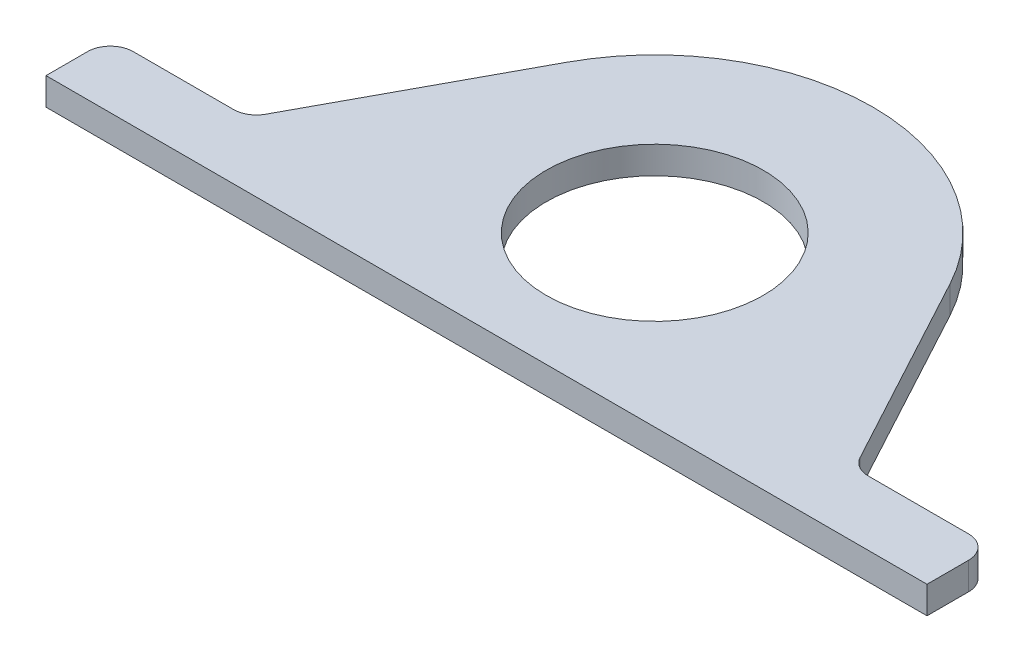
ISO-10303-21;
HEADER;
FILE_DESCRIPTION(('STEP AP214'),'2;1');
FILE_NAME('part.step','',(''),(''),'','','');
FILE_SCHEMA(('AUTOMOTIVE_DESIGN { 1 0 10303 214 1 1 1 1 }'));
ENDSEC;
DATA;
#1=APPLICATION_CONTEXT('core data for automotive mechanical design processes');
#2=APPLICATION_PROTOCOL_DEFINITION('international standard','automotive_design',2000,#1);
#3=PRODUCT_CONTEXT('',#1,'mechanical');
#4=PRODUCT('Part','Part','',(#3));
#5=PRODUCT_RELATED_PRODUCT_CATEGORY('part','',(#4));
#6=PRODUCT_DEFINITION_FORMATION('','',#4);
#7=PRODUCT_DEFINITION_CONTEXT('part definition',#1,'design');
#8=PRODUCT_DEFINITION('design','',#6,#7);
#9=PRODUCT_DEFINITION_SHAPE('','',#8);
#10=(LENGTH_UNIT() NAMED_UNIT(*) SI_UNIT(.MILLI.,.METRE.));
#11=(NAMED_UNIT(*) PLANE_ANGLE_UNIT() SI_UNIT($,.RADIAN.));
#12=(NAMED_UNIT(*) SI_UNIT($,.STERADIAN.) SOLID_ANGLE_UNIT());
#13=UNCERTAINTY_MEASURE_WITH_UNIT(LENGTH_MEASURE(1.E-05),#10,'distance_accuracy_value','');
#14=(GEOMETRIC_REPRESENTATION_CONTEXT(3) GLOBAL_UNCERTAINTY_ASSIGNED_CONTEXT((#13)) GLOBAL_UNIT_ASSIGNED_CONTEXT((#10,
#11,#12)) REPRESENTATION_CONTEXT('',''));
#15=CARTESIAN_POINT('',(0.,0.,0.));
#16=DIRECTION('',(0.,0.,1.));
#17=DIRECTION('',(1.,0.,0.));
#18=AXIS2_PLACEMENT_3D('',#15,#16,#17);
#19=CARTESIAN_POINT('',(-91.605676950577,6.,27.7755528274665));
#20=DIRECTION('',(0.,-1.,0.));
#21=DIRECTION('',(0.,0.,-1.));
#22=AXIS2_PLACEMENT_3D('',#19,#20,#21);
#23=PLANE('',#22);
#24=DIRECTION('',(0.,0.,1.));
#25=VECTOR('',#24,1.);
#26=CARTESIAN_POINT('',(-96.605676950577,6.,27.7755528274665));
#27=LINE('',#26,#25);
#28=CARTESIAN_POINT('',(-96.605676950577,6.,27.7755528274665));
#29=VERTEX_POINT('',#28);
#30=CARTESIAN_POINT('',(-96.605676950577,6.,36.9));
#31=VERTEX_POINT('',#30);
#32=EDGE_CURVE('E148',#29,#31,#27,.T.);
#33=ORIENTED_EDGE('',*,*,#32,.T.);
#34=DIRECTION('',(1.,0.,0.));
#35=VECTOR('',#34,1.);
#36=CARTESIAN_POINT('',(-91.605676950577,6.,36.9));
#37=LINE('',#36,#35);
#38=CARTESIAN_POINT('',(96.6056769505771,6.,36.9));
#39=VERTEX_POINT('',#38);
#40=EDGE_CURVE('E48',#31,#39,#37,.T.);
#41=ORIENTED_EDGE('',*,*,#40,.T.);
#42=DIRECTION('',(0.,0.,-1.));
#43=VECTOR('',#42,1.);
#44=CARTESIAN_POINT('',(96.605676950577,6.,27.7755528274665));
#45=LINE('',#44,#43);
#46=CARTESIAN_POINT('',(96.605676950577,6.,27.7755528274665));
#47=VERTEX_POINT('',#46);
#48=EDGE_CURVE('E102',#39,#47,#45,.T.);
#49=ORIENTED_EDGE('',*,*,#48,.T.);
#50=CARTESIAN_POINT('',(91.605676950577,6.,27.7755528274665));
#51=DIRECTION('',(0.,1.,0.));
#52=DIRECTION('',(0.,0.,-1.));
#53=AXIS2_PLACEMENT_3D('',#50,#51,#52);
#54=CIRCLE('',#53,5.00000000000001);
#55=CARTESIAN_POINT('',(91.605676950577,6.,22.7755528274664));
#56=VERTEX_POINT('',#55);
#57=EDGE_CURVE('E199',#47,#56,#54,.T.);
#58=ORIENTED_EDGE('',*,*,#57,.T.);
#59=DIRECTION('',(-1.,0.,0.));
#60=VECTOR('',#59,1.);
#61=CARTESIAN_POINT('',(69.5890954122525,6.,22.7755528274664));
#62=LINE('',#61,#60);
#63=CARTESIAN_POINT('',(69.5890954122525,6.,22.7755528274664));
#64=VERTEX_POINT('',#63);
#65=EDGE_CURVE('E221',#56,#64,#62,.T.);
#66=ORIENTED_EDGE('',*,*,#65,.T.);
#67=CARTESIAN_POINT('',(69.5890954122525,6.,17.7755528274664));
#68=DIRECTION('',(0.,-1.,0.));
#69=DIRECTION('',(0.,0.,1.));
#70=AXIS2_PLACEMENT_3D('',#67,#68,#69);
#71=CIRCLE('',#70,5.00000000000001);
#72=CARTESIAN_POINT('',(65.1888751835243,6.,20.1500131743014));
#73=VERTEX_POINT('',#72);
#74=EDGE_CURVE('E218',#64,#73,#71,.T.);
#75=ORIENTED_EDGE('',*,*,#74,.T.);
#76=DIRECTION('',(-0.474892069366983,0.,-0.880044045745635));
#77=VECTOR('',#76,1.);
#78=CARTESIAN_POINT('',(42.0661053866413,6.,-22.6998409157418));
#79=LINE('',#78,#77);
#80=CARTESIAN_POINT('',(42.0661053866413,6.,-22.6998409157418));
#81=VERTEX_POINT('',#80);
#82=EDGE_CURVE('E220',#73,#81,#79,.T.);
#83=ORIENTED_EDGE('',*,*,#82,.T.);
#84=CARTESIAN_POINT('',(0.,6.,0.));
#85=DIRECTION('',(0.,1.,0.));
#86=DIRECTION('',(0.,0.,1.));
#87=AXIS2_PLACEMENT_3D('',#84,#85,#86);
#88=CIRCLE('',#87,47.8);
#89=CARTESIAN_POINT('',(-42.0661053866413,6.,-22.6998409157417));
#90=VERTEX_POINT('',#89);
#91=EDGE_CURVE('E223',#81,#90,#88,.T.);
#92=ORIENTED_EDGE('',*,*,#91,.T.);
#93=DIRECTION('',(-0.474892069366983,0.,0.880044045745635));
#94=VECTOR('',#93,1.);
#95=CARTESIAN_POINT('',(-65.1888751835243,6.,20.1500131743014));
#96=LINE('',#95,#94);
#97=CARTESIAN_POINT('',(-65.1888751835243,6.,20.1500131743014));
#98=VERTEX_POINT('',#97);
#99=EDGE_CURVE('E131',#90,#98,#96,.T.);
#100=ORIENTED_EDGE('',*,*,#99,.T.);
#101=CARTESIAN_POINT('',(-69.5890954122525,6.,17.7755528274665));
#102=DIRECTION('',(0.,-1.,0.));
#103=DIRECTION('',(0.,0.,-1.));
#104=AXIS2_PLACEMENT_3D('',#101,#102,#103);
#105=CIRCLE('',#104,5.00000000000001);
#106=CARTESIAN_POINT('',(-69.5890954122525,6.,22.7755528274665));
#107=VERTEX_POINT('',#106);
#108=EDGE_CURVE('E124',#98,#107,#105,.T.);
#109=ORIENTED_EDGE('',*,*,#108,.T.);
#110=DIRECTION('',(-1.,0.,0.));
#111=VECTOR('',#110,1.);
#112=CARTESIAN_POINT('',(-69.5890954122525,6.,22.7755528274665));
#113=LINE('',#112,#111);
#114=CARTESIAN_POINT('',(-91.605676950577,6.,22.7755528274665));
#115=VERTEX_POINT('',#114);
#116=EDGE_CURVE('E128',#107,#115,#113,.T.);
#117=ORIENTED_EDGE('',*,*,#116,.T.);
#118=CARTESIAN_POINT('',(-91.605676950577,6.,27.7755528274665));
#119=DIRECTION('',(0.,1.,0.));
#120=DIRECTION('',(0.,0.,-1.));
#121=AXIS2_PLACEMENT_3D('',#118,#119,#120);
#122=CIRCLE('',#121,5.00000000000001);
#123=EDGE_CURVE('E56',#115,#29,#122,.T.);
#124=ORIENTED_EDGE('',*,*,#123,.T.);
#125=EDGE_LOOP('',(#33,#41,#49,#58,#66,#75,#83,#92,#100,#109,#117,#124));
#126=FACE_BOUND('',#125,.T.);
#127=CARTESIAN_POINT('',(0.,6.,0.));
#128=DIRECTION('',(0.,1.,0.));
#129=DIRECTION('',(0.,0.,1.));
#130=AXIS2_PLACEMENT_3D('',#127,#128,#129);
#131=CIRCLE('',#130,23.8);
#132=CARTESIAN_POINT('',(0.,6.,23.8));
#133=VERTEX_POINT('',#132);
#134=EDGE_CURVE('E157',#133,#133,#131,.T.);
#135=ORIENTED_EDGE('',*,*,#134,.F.);
#136=EDGE_LOOP('',(#135));
#137=FACE_BOUND('',#136,.T.);
#138=ADVANCED_FACE('F33',(#126,#137),#23,.F.);
#139=CARTESIAN_POINT('',(-91.605676950577,0.,27.7755528274665));
#140=DIRECTION('',(0.,-1.,0.));
#141=DIRECTION('',(0.,0.,-1.));
#142=AXIS2_PLACEMENT_3D('',#139,#140,#141);
#143=PLANE('',#142);
#144=DIRECTION('',(1.,0.,0.));
#145=VECTOR('',#144,1.);
#146=CARTESIAN_POINT('',(114.691020375286,0.,36.9));
#147=LINE('',#146,#145);
#148=CARTESIAN_POINT('',(-96.605676950577,0.,36.9));
#149=VERTEX_POINT('',#148);
#150=CARTESIAN_POINT('',(96.605676950577,0.,36.9));
#151=VERTEX_POINT('',#150);
#152=EDGE_CURVE('E243',#149,#151,#147,.T.);
#153=ORIENTED_EDGE('',*,*,#152,.F.);
#154=DIRECTION('',(0.,0.,1.));
#155=VECTOR('',#154,1.);
#156=CARTESIAN_POINT('',(-96.605676950577,0.,27.7755528274665));
#157=LINE('',#156,#155);
#158=CARTESIAN_POINT('',(-96.605676950577,0.,27.7755528274665));
#159=VERTEX_POINT('',#158);
#160=EDGE_CURVE('E173',#159,#149,#157,.T.);
#161=ORIENTED_EDGE('',*,*,#160,.F.);
#162=CARTESIAN_POINT('',(-91.605676950577,0.,27.7755528274665));
#163=DIRECTION('',(0.,1.,0.));
#164=DIRECTION('',(0.,0.,-1.));
#165=AXIS2_PLACEMENT_3D('',#162,#163,#164);
#166=CIRCLE('',#165,5.00000000000001);
#167=CARTESIAN_POINT('',(-91.605676950577,0.,22.7755528274665));
#168=VERTEX_POINT('',#167);
#169=EDGE_CURVE('E95',#168,#159,#166,.T.);
#170=ORIENTED_EDGE('',*,*,#169,.F.);
#171=DIRECTION('',(-1.,0.,0.));
#172=VECTOR('',#171,1.);
#173=CARTESIAN_POINT('',(-69.5890954122525,0.,22.7755528274665));
#174=LINE('',#173,#172);
#175=CARTESIAN_POINT('',(-69.5890954122525,0.,22.7755528274665));
#176=VERTEX_POINT('',#175);
#177=EDGE_CURVE('E170',#176,#168,#174,.T.);
#178=ORIENTED_EDGE('',*,*,#177,.F.);
#179=CARTESIAN_POINT('',(-69.5890954122525,0.,17.7755528274665));
#180=DIRECTION('',(0.,-1.,0.));
#181=DIRECTION('',(0.,0.,-1.));
#182=AXIS2_PLACEMENT_3D('',#179,#180,#181);
#183=CIRCLE('',#182,5.00000000000001);
#184=CARTESIAN_POINT('',(-65.1888751835243,0.,20.1500131743014));
#185=VERTEX_POINT('',#184);
#186=EDGE_CURVE('E140',#185,#176,#183,.T.);
#187=ORIENTED_EDGE('',*,*,#186,.F.);
#188=DIRECTION('',(-0.474892069366983,0.,0.880044045745635));
#189=VECTOR('',#188,1.);
#190=CARTESIAN_POINT('',(-65.1888751835243,0.,20.1500131743014));
#191=LINE('',#190,#189);
#192=CARTESIAN_POINT('',(-42.0661053866413,0.,-22.6998409157417));
#193=VERTEX_POINT('',#192);
#194=EDGE_CURVE('E167',#193,#185,#191,.T.);
#195=ORIENTED_EDGE('',*,*,#194,.F.);
#196=CARTESIAN_POINT('',(0.,0.,0.));
#197=DIRECTION('',(0.,1.,0.));
#198=DIRECTION('',(0.,0.,1.));
#199=AXIS2_PLACEMENT_3D('',#196,#197,#198);
#200=CIRCLE('',#199,47.8);
#201=CARTESIAN_POINT('',(42.0661053866413,0.,-22.6998409157418));
#202=VERTEX_POINT('',#201);
#203=EDGE_CURVE('E165',#202,#193,#200,.T.);
#204=ORIENTED_EDGE('',*,*,#203,.F.);
#205=DIRECTION('',(-0.474892069366983,0.,-0.880044045745635));
#206=VECTOR('',#205,1.);
#207=CARTESIAN_POINT('',(42.0661053866413,0.,-22.6998409157418));
#208=LINE('',#207,#206);
#209=CARTESIAN_POINT('',(65.1888751835243,0.,20.1500131743014));
#210=VERTEX_POINT('',#209);
#211=EDGE_CURVE('E163',#210,#202,#208,.T.);
#212=ORIENTED_EDGE('',*,*,#211,.F.);
#213=CARTESIAN_POINT('',(69.5890954122525,0.,17.7755528274664));
#214=DIRECTION('',(0.,-1.,0.));
#215=DIRECTION('',(0.,0.,1.));
#216=AXIS2_PLACEMENT_3D('',#213,#214,#215);
#217=CIRCLE('',#216,5.00000000000001);
#218=CARTESIAN_POINT('',(69.5890954122525,0.,22.7755528274664));
#219=VERTEX_POINT('',#218);
#220=EDGE_CURVE('E161',#219,#210,#217,.T.);
#221=ORIENTED_EDGE('',*,*,#220,.F.);
#222=DIRECTION('',(-1.,0.,0.));
#223=VECTOR('',#222,1.);
#224=CARTESIAN_POINT('',(69.5890954122525,0.,22.7755528274664));
#225=LINE('',#224,#223);
#226=CARTESIAN_POINT('',(91.605676950577,0.,22.7755528274664));
#227=VERTEX_POINT('',#226);
#228=EDGE_CURVE('E159',#227,#219,#225,.T.);
#229=ORIENTED_EDGE('',*,*,#228,.F.);
#230=CARTESIAN_POINT('',(91.605676950577,0.,27.7755528274665));
#231=DIRECTION('',(0.,1.,0.));
#232=DIRECTION('',(0.,0.,-1.));
#233=AXIS2_PLACEMENT_3D('',#230,#231,#232);
#234=CIRCLE('',#233,5.00000000000001);
#235=CARTESIAN_POINT('',(96.605676950577,0.,27.7755528274665));
#236=VERTEX_POINT('',#235);
#237=EDGE_CURVE('E156',#236,#227,#234,.T.);
#238=ORIENTED_EDGE('',*,*,#237,.F.);
#239=DIRECTION('',(0.,0.,-1.));
#240=VECTOR('',#239,1.);
#241=CARTESIAN_POINT('',(96.605676950577,0.,27.7755528274665));
#242=LINE('',#241,#240);
#243=EDGE_CURVE('E154',#151,#236,#242,.T.);
#244=ORIENTED_EDGE('',*,*,#243,.F.);
#245=EDGE_LOOP('',(#153,#161,#170,#178,#187,#195,#204,#212,#221,#229,#238,#244));
#246=FACE_BOUND('',#245,.T.);
#247=CARTESIAN_POINT('',(0.,0.,0.));
#248=DIRECTION('',(0.,1.,0.));
#249=DIRECTION('',(0.,0.,1.));
#250=AXIS2_PLACEMENT_3D('',#247,#248,#249);
#251=CIRCLE('',#250,23.8);
#252=CARTESIAN_POINT('',(0.,0.,23.8));
#253=VERTEX_POINT('',#252);
#254=EDGE_CURVE('E248',#253,#253,#251,.T.);
#255=ORIENTED_EDGE('',*,*,#254,.T.);
#256=EDGE_LOOP('',(#255));
#257=FACE_BOUND('',#256,.T.);
#258=ADVANCED_FACE('F205',(#246,#257),#143,.T.);
#259=CARTESIAN_POINT('',(96.605676950577,6.,27.7755528274665));
#260=DIRECTION('',(-1.,0.,0.));
#261=DIRECTION('',(0.,0.,1.));
#262=AXIS2_PLACEMENT_3D('',#259,#260,#261);
#263=PLANE('',#262);
#264=ORIENTED_EDGE('',*,*,#48,.F.);
#265=DIRECTION('',(0.,-1.,0.));
#266=VECTOR('',#265,1.);
#267=CARTESIAN_POINT('',(96.605676950577,6.,36.9));
#268=LINE('',#267,#266);
#269=EDGE_CURVE('E242',#39,#151,#268,.T.);
#270=ORIENTED_EDGE('',*,*,#269,.T.);
#271=ORIENTED_EDGE('',*,*,#243,.T.);
#272=DIRECTION('',(0.,-1.,0.));
#273=VECTOR('',#272,1.);
#274=CARTESIAN_POINT('',(96.605676950577,6.,27.7755528274665));
#275=LINE('',#274,#273);
#276=EDGE_CURVE('E41',#47,#236,#275,.T.);
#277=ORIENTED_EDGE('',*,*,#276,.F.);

---

# DIRECTIONS
Begin at the line that has "#204=ORIENTED_EDGE('',*,*,#203,.F.);" in the entries above; stop after the line that has "#213=CARTESIAN_POINT('',(69.5890954122525,0.,17.7755528274664));". Transcribe exactly those lines and no others.

# YOUR RESPONSE
#204=ORIENTED_EDGE('',*,*,#203,.F.);
#205=DIRECTION('',(-0.474892069366983,0.,-0.880044045745635));
#206=VECTOR('',#205,1.);
#207=CARTESIAN_POINT('',(42.0661053866413,0.,-22.6998409157418));
#208=LINE('',#207,#206);
#209=CARTESIAN_POINT('',(65.1888751835243,0.,20.1500131743014));
#210=VERTEX_POINT('',#209);
#211=EDGE_CURVE('E163',#210,#202,#208,.T.);
#212=ORIENTED_EDGE('',*,*,#211,.F.);
#213=CARTESIAN_POINT('',(69.5890954122525,0.,17.7755528274664));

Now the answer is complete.